На улице повсюду были расклеены плакаты, посвященные референдуму. Ими были облеплены даже телефонные будки и фонари. На одном было написано: «Здравствуй, развод… Пока, папочка!» Иззи рассмеялась. Ведь ее дети не так-то часто видели своего отца. Джеймс много времени проводил в Дублине, участвуя в кампании своей партии по легализации развода. По радио и на телевидении проходили постоянные дискуссии, но в реальной жизни люди обходили эту тему молчанием, не выказывая своих чувств относительно референдума. Иззи пыталась представить, как бы вела себя Коллетт. Она знала, что та обязательно приняла бы участие в голосовании, или по крайней мере ей так казалось. Будучи хорошо образованной, она могла бы переехать в Дублин, устроиться преподавателем и при желании завести новую семью. Но для женщины, вышедшей замуж почти сразу после школы, всю жизнь прожившей в Ардглассе и не имевшей широких горизонтов, материальная разница была бы огромной.

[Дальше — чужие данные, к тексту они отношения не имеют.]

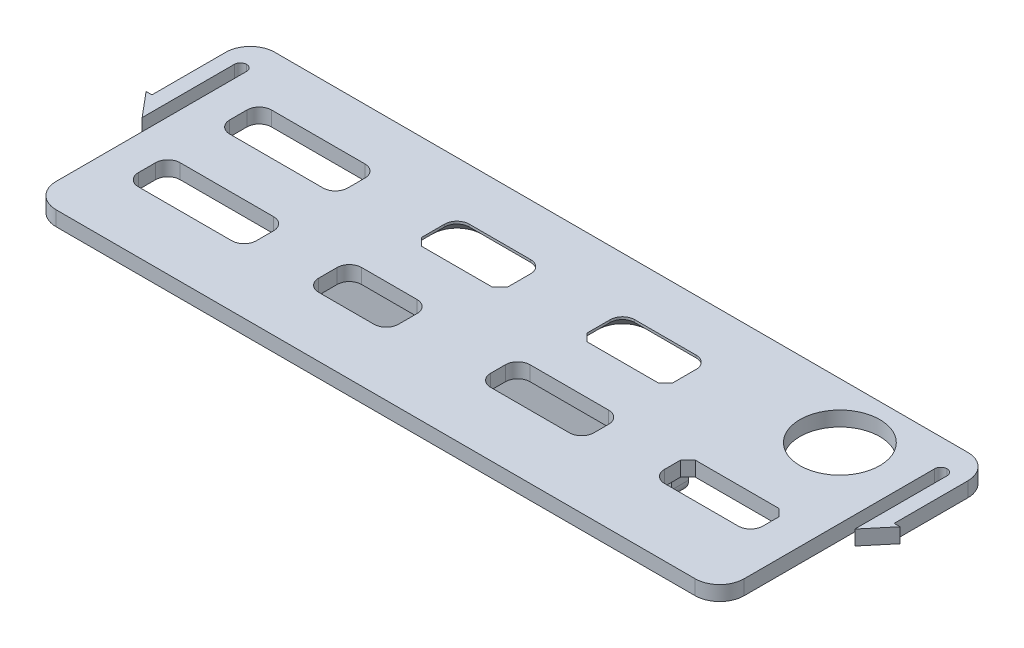
SolidWorks part; units mm, degrees
ref_plane "前视基准面" through (0, 0, 0) normal (0, 0, 1) x (1, 0, 0)
ref_plane "上视基准面" through (0, 0, 0) normal (0, 1, 0) x (1, 0, 0)
ref_plane "右视基准面" through (0, 0, 0) normal (1, 0, 0) x (0, 0, -1)
sketch "草图1" plane through (0, 0, 0) normal (0, 1, 0) x (1, 0, 0)
  line L1 (-30, 10) -> (30, 10)
  line L2 (-30, 10) -> (-30, -10)
  line L3 (-30, -10) -> (30, -10)
  line L4 (30, 10) -> (30, -10)
  line L5 (-30, 10) -> (30, -10) construction
  line L6 (-30, -10) -> (30, 10) construction
  point P0 (0, 0)
  dimension "D1" = 60
  dimension "D2" = 20
extrude "凸台-拉伸1" add sketch "草图1" along normal blind 1.2
sketch "草图4" plane through (0, 1.2, 0) normal (0, 1, 0) x (1, 0, 0)
  line L0 (-30, 10) -> (-30, -10) construction
  line L1 (-25.2717, 5.8) -> (-15.6717, 5.8)
  line L2 (-25.2717, 5.8) -> (-25.2717, 2.4)
  line L3 (-25.2717, 2.4) -> (-15.6717, 2.4)
  line L4 (-15.6717, 5.8) -> (-15.6717, 2.4)
  line L5 (-9.1829, 5.8) -> (-2.1829, 5.8)
  line L6 (-9.1829, 5.8) -> (-9.1829, 2.3)
  line L7 (-9.1829, 2.3) -> (-2.1829, 2.3)
  line L8 (-2.1829, 5.8) -> (-2.1829, 2.3)
  line L9 (4.2885, 5.8) -> (11.2885, 5.8)
  line L10 (4.2885, 5.8) -> (4.2885, 2.3)
  line L11 (4.2885, 2.3) -> (11.2885, 2.3)
  line L12 (11.2885, 5.8) -> (11.2885, 2.3)
  line L13 (17.05, -1.6348) -> (25.05, -1.6348)
  line L14 (17.05, -1.6348) -> (17.05, -4.5348)
  line L15 (17.05, -4.5348) -> (25.05, -4.5348)
  line L16 (25.05, -1.6348) -> (25.05, -4.5348)
  line L17 (3.2, -1.6348) -> (11.6, -1.6348)
  line L18 (3.2, -1.6348) -> (3.2, -4.8348)
  line L19 (3.2, -4.8348) -> (11.6, -4.8348)
  line L20 (11.6, -1.6348) -> (11.6, -4.8348)
  line L21 (-10.5, -1.6348) -> (-4, -1.6348)
  line L22 (-10.5, -1.6348) -> (-10.5, -5.1348)
  line L23 (-10.5, -5.1348) -> (-4, -5.1348)
  line L24 (-4, -1.6348) -> (-4, -5.1348)
  line L25 (-25.2717, -1.6348) -> (-15.6717, -1.6348)
  line L26 (-25.2717, -1.6348) -> (-25.2717, -5.0348)
  line L27 (-25.2717, -5.0348) -> (-15.6717, -5.0348)
  line L28 (-15.6717, -1.6348) -> (-15.6717, -5.0348)
  line L29 (30, 10) -> (-30, 10) construction
  line L30 (-30, -10) -> (30, -10) construction
  line L31 (30, -10) -> (30, 10) construction
  circle A0 centre (22.2985, 5.4832) radius 3.25
  dimension "D21" = 6.5
  dimension "D1" = 3.5
  dimension "D2" = 6.5
  dimension "D3" = 8.4
  dimension "D4" = 3.2
  dimension "D5" = 9.6
  dimension "D6" = 3.4
  dimension "D7" = 7
  dimension "D8" = 8
  dimension "D9" = 2.9
  dimension "D10" = 4.7283
  dimension "D11" = 7.6
  dimension "D12" = 4.9652
  dimension "D13" = 19.5
  dimension "D14" = 33.2
  dimension "D15" = 4.95
  dimension "D16" = 7
  dimension "D17" = 20.8171
  dimension "D18" = 34.2885
  dimension "D19" = 7.7015
  dimension "D20" = 4.5168
  dimension "D22" = 3.5
extrude "切除-拉伸1" cut sketch "草图4" against normal up to next
fillet "圆角2" radius 1 22 edges at (-25.2717, 0.6, -2.4) (-25.2717, 0.6, -5.8) (-15.6717, 0.6, -2.4) (-15.6717, 0.6, -5.8) (-2.1829, 0.6, -5.8) (-9.1829, 0.6, -5.8) (4.2885, 0.6, -5.8) (11.2885, 0.6, -5.8) (25.05, 0.6, 4.5348) (17.05, 0.6, 4.5348) (11.6, 0.6, 4.8348) (11.6, 0.6, 1.6348) (3.2, 0.6, 1.6348) (3.2, 0.6, 4.8348) (-4, 0.6, 5.1348) (-4, 0.6, 1.6348) (-10.5, 0.6, 1.6348) (-10.5, 0.6, 5.1348) (-15.6717, 0.6, 5.0348) (-15.6717, 0.6, 1.6348) (-25.2717, 0.6, 1.6348) (-25.2717, 0.6, 5.0348)
chamfer "倒角1" distance 0.6 angle 45 6 edges at (-9.1829, 0.6, -2.3) (-2.1829, 0.6, -2.3) (4.2885, 0.6, -2.3) (11.2885, 0.6, -2.3) (17.05, 0.6, 1.6348) (25.05, 0.6, 1.6348)
sketch "草图5" plane through (0, 0, 0) normal (0, -1, 0) x (1, 0, 0)
  line L0 (-30, -10) -> (-30, 10) construction
  line L1 (-13.9089, -4.8832) -> (-12.4089, -4.8832)
  line L2 (-13.9089, -4.8832) -> (-13.9089, 3.1168)
  line L3 (-13.9089, 3.1168) -> (-12.4089, 3.1168)
  line L4 (-12.4089, -4.8832) -> (-12.4089, 3.1168)
  line L5 (13.0911, -4.8832) -> (14.5911, -4.8832)
  line L6 (13.0911, -4.8832) -> (13.0911, 3.1168)
  line L7 (13.0911, 3.1168) -> (14.5911, 3.1168)
  line L8 (14.5911, -4.8832) -> (14.5911, 3.1168)
  line L9 (30, -10) -> (-30, -10) construction
  line L10 (30, 10) -> (30, -10) construction
  dimension "D1" = 1.5
  dimension "D2" = 8
  dimension "D3" = 1.5
  dimension "D4" = 8
  dimension "D5" = 16.0911
  dimension "D6" = 5.1168
  dimension "D7" = 5.1168
  dimension "D8" = 15.4089
extrude "凸台-拉伸2" add sketch "草图5" along normal blind 1.2
sketch "草图6" plane through (0, 0, 0) normal (0, -1, 0) x (1, 0, 0)
  line L0 (-13.9089, 3.1168) -> (-13.9089, -4.8832) construction
  line L1 (-13.9089, 0.5168) -> (14.5911, 0.5168)
  line L2 (-13.9089, 0.5168) -> (-13.9089, -0.8832)
  line L3 (-13.9089, -0.8832) -> (14.5911, -0.8832)
  line L4 (14.5911, 0.5168) -> (14.5911, -0.8832)
extrude "凸台-拉伸3" add sketch "草图6" along normal blind 4
fillet "圆角3" radius 1 2 edges at (14.5911, -4, -0.1832) (-13.9089, -4, -0.1832)
chamfer "倒角2" distance 1 angle 45 4 edges at (13.8411, -1.2, -4.8832) (-13.1589, -1.2, -4.8832) (13.8411, -1.2, 3.1168) (-13.1589, -1.2, 3.1168)
chamfer "倒角4" distance 1 angle 45 16 edges at (11.2885, 0, -3.85) (10.9956, 0, -5.5071) (7.7885, 0, -5.8) (4.5814, 0, -5.5071) (10.9885, 0, -2.6) (4.2885, 0, -3.85) (4.5885, 0, -2.6) (7.7885, 0, -2.3) (-9.1829, 0, -3.85) (-2.1829, 0, -3.85) (-8.89, 0, -5.5071) (-2.4758, 0, -5.5071) (-5.6829, 0, -5.8) (-2.4829, 0, -2.6) (-8.8829, 0, -2.6) (-5.6829, 0, -2.3)
sketch "草图7" plane through (0, 1.2, 0) normal (0, 1, 0) x (1, 0, 0)
  line L0 (30, -10) -> (30, 10) construction
  line L1 (30, 10) -> (28, 10)
  line L2 (30, 10) -> (30, -10)
  line L3 (30, -10) -> (28, -10)
  line L4 (28, 10) -> (28, -10)
  line L5 (-30, -10) -> (30, -10) construction
  line L6 (30, 10) -> (-30, 10) construction
  line L7 (-30, 10) -> (-28, 10)
  line L8 (-30, 10) -> (-30, -10)
  line L9 (-30, -10) -> (-28, -10)
  line L10 (-28, 10) -> (-28, -10)
  line L11 (-30, 10) -> (-30, -10) construction
  dimension "D1" = 2
  dimension "D2" = 2
extrude "切除-拉伸2" cut sketch "草图7" against normal blind 5
sketch "草图11" plane through (0, 1.2, 0) normal (0, 1, 0) x (1, 0, 0)
  line L0 (28, 10) -> (30.2, 10)
  line L1 (28, 10) -> (-28, 10) construction
  line L2 (28, 10) -> (28, -10) construction
  line L3 (30.2, 10) -> (30.2, 2)
  line L4 (30.2, 2) -> (31, 2)
  line L5 (31, 2) -> (31, 0)
  line L6 (31, 0) -> (29, 0)
  line L7 (29, 0) -> (29, 8)
  line L8 (29, 8) -> (28, 8)
  line L9 (28, 10) -> (28, -10) construction
  line L10 (28, 8) -> (28, 10)
  line L11 (-28, 10) -> (-30.2, 10)
  line L12 (-30.2, 10) -> (-30.2, 2)
  line L13 (-30.2, 2) -> (-31, 2)
  line L14 (-31, 2) -> (-31, 0)
  line L15 (-31, 0) -> (-29, 0)
  line L16 (-29, 0) -> (-29, 8)
  line L17 (-29, 8) -> (-28, 8)
  line L18 (-28, -10) -> (-28, 10) construction
  line L19 (-28, 8) -> (-28, 10)
  dimension "D1" = 2
  dimension "D2" = 2
  dimension "D3" = 8
  dimension "D4" = 2.2
  dimension "D5" = 2
  dimension "D6" = 0.8
  dimension "D7" = 2.2
  dimension "D8" = 2
  dimension "D9" = 0.8
  dimension "D10" = 8
  dimension "D11" = 2
  dimension "D12" = 2
extrude "凸台-拉伸5" add sketch "草图11" against normal up to surface (1.2 mm away) up to face at (7.7885, 0, -3.95)
fillet "圆角5" radius 2 4 edges at (30.2, 0.6, -10) (-30.2, 0.6, -10) (28, 0.6, 10) (-28, 0.6, 10)
fillet "圆角6" radius 0.5 4 edges at (28, 0.6, -8) (29, 0.6, -8) (-28, 0.6, -8) (-29, 0.6, -8)
chamfer "倒角5" distance 2 angle 50 1 edges at (31, 0.6, 0) first distance on face at (30, 0.6, 0)
chamfer "倒角6" distance 2 angle 50 1 edges at (-31, 0.6, 0) first distance on face at (-30, 0.6, 0)
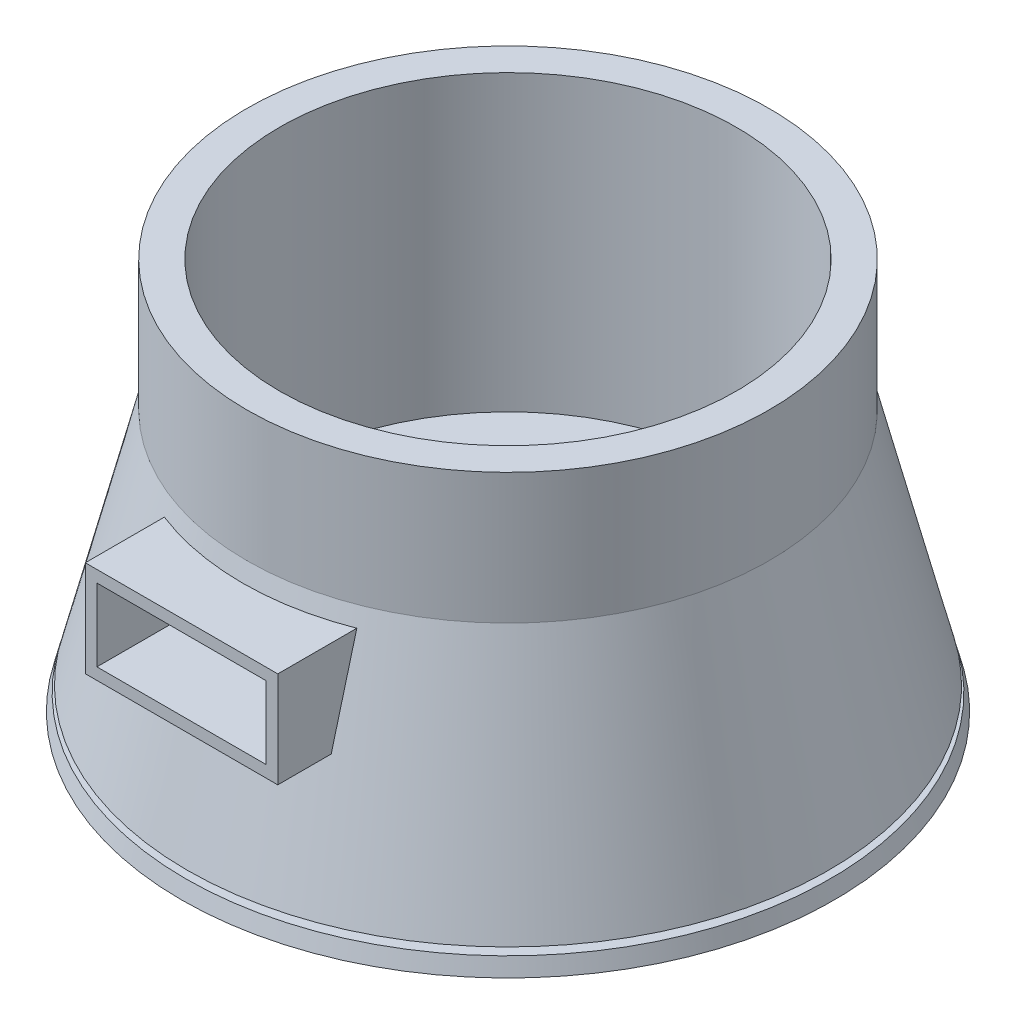
SolidWorks part; units mm, degrees
material "ABS PC"
ref_plane "Front Plane" through (0, 0, 0) normal (0, 0, 1) x (1, 0, 0)
ref_plane "Top Plane" through (0, 0, 0) normal (0, 1, 0) x (1, 0, 0)
ref_plane "Right Plane" through (0, 0, 0) normal (1, 0, 0) x (0, 0, -1)
sketch "Sketch1" plane through (0, 0, 0) normal (0, 1, 0) x (1, 0, 0)
  circle A0 centre (0, 0) radius 25
extrude "Boss-Extrude1" add sketch "Sketch1" along normal blind 30
sketch "Sketch2" plane through (0, 0, 0) normal (0, 0, 1) x (1, 0, 0)
  line L0 (0, 31.4615) -> (0, -1.5389) construction
sketch "Sketch3" plane through (0, 0, 0) normal (0, 0, 1) x (1, 0, 0)
  line L0 (-20, 20) -> (-24.5625, 1.75)
  line L1 (0, 2.5) -> (0, 0)
  line L2 (-25, 30) -> (-20, 30)
  line L3 (-25, 30) -> (-25, 20)
  line L5 (-20, 30) -> (-20, 20)
  line L6 (-25, 0) -> (-25, 20)
  line L7 (-15, 0) -> (-22.5, 0)
  line L10 (-15, 2.5) -> (0, 2.5)
  line L13 (-25, 0) -> (-25, 1.5) construction
  line L14 (-25, 0) -> (25, 0) construction
  line L15 (-22.5, 0) -> (-15, 2.5)
  line L16 (-15, 0) -> (0, 0)
  line L17 (-24.6875, 1.25) -> (-25, 0)
  line L18 (-24.5625, 1.75) -> (-23.75, 1.75)
  line L20 (-24.6875, 1.25) -> (-23.75, 1.25)
  line L21 (-23.75, 1.75) -> (-23.75, 1.25)
  line L22 (-22.5, 0) -> (-25, 0) construction
  line L23 (-23.5, 0) -> (-24, 0)
  line L24 (-24, 0.75) -> (-23.5, 0.75)
  line L25 (-24, 0.75) -> (-24, 0)
  line L27 (-23.5, 0.75) -> (-23.5, 0)
  line L29 (0, 20) -> (-5, 20)
  line L30 (0, 20) -> (0, 2.5)
  line L31 (0, 2.5) -> (-5, 2.5)
  line L32 (-5, 20) -> (-5, 2.5)
  point P5 (0, 0)
  point P21 (-23.75, 0)
revolve "Cut-Revolve1" cut sketch "Sketch3" angle 360 about L0 region at (-22.9222, 19.0897, 0) region at (-9.5, 1.1667, 0) region at (-2.5, 11.25, 0) region at (-23.75, 0.375, 0)
sketch "Sketch6" plane through (0, 0, 0) normal (0, 0, 1) x (1, 0, 0)
  line L1 (-6.48, 17.78) -> (6.48, 17.78)
  line L2 (-6.48, 17.78) -> (-6.48, 12.22)
  line L3 (-6.48, 12.22) -> (6.48, 12.22)
  line L8 (6.48, 17.78) -> (6.48, 12.22)
  line L10 (-7.37, 18.68) -> (7.37, 18.68)
  line L11 (-7.37, 18.68) -> (-7.37, 11.32)
  line L12 (-7.37, 11.32) -> (7.37, 11.32)
  line L13 (7.37, 18.68) -> (7.37, 11.32)
extrude "Boss-Extrude2" add sketch "Sketch6" along normal blind 25 contours L13 L10 L11 L12 region at (0, 18.5152, 0)
sketch "Sketch4" plane through (0, 30, 0) normal (0, 1, 0) x (1, 0, 0)
  circle A0 centre (0, 0) radius 17.5
extrude "Cut-Extrude1" cut sketch "Sketch4" against normal blind 22.5
extrude "Cut-Extrude7" cut sketch "Sketch6<5>" along normal blind 46.5 contours L8 L1 L2 L3 region at (0, 15, 0)
sketch "Sketch6<5>" plane through (0, 0, 0) normal (0, 0, 1) x (1, 0, 0) same geometry as "Sketch6"

Сверху упали первые капли дождя, и Иззи вжала голову в плечи. Она шла по центральной улице в сторону гостиницы «Харбор Вью», возле которой была припаркована ее машина. Она посмотрела налево, потом направо и снова налево и вдруг увидела слоняющегося парнишку в форме школы Святого Джозефа, с густой черной челкой, падающей ему на глаза. Иззи остановилась, поджидая. Когда мальчишка подошел ближе, она позвала:
– Барри Кроули! – Он проигнорировал ее и прошел мимо.
– Барри Кроули, а ну вернись, негодник. Решил притвориться слепым и глухим?
– Отвалите, – сказал он.
– Ты куда собрался?
– Не ваше дело.
– Барри, почему ты не на занятиях?
– Я же сказал – не ваше собачье дело.
– Я тебе покажу, не мое дело. Что ты тут делаешь и почему не в школе?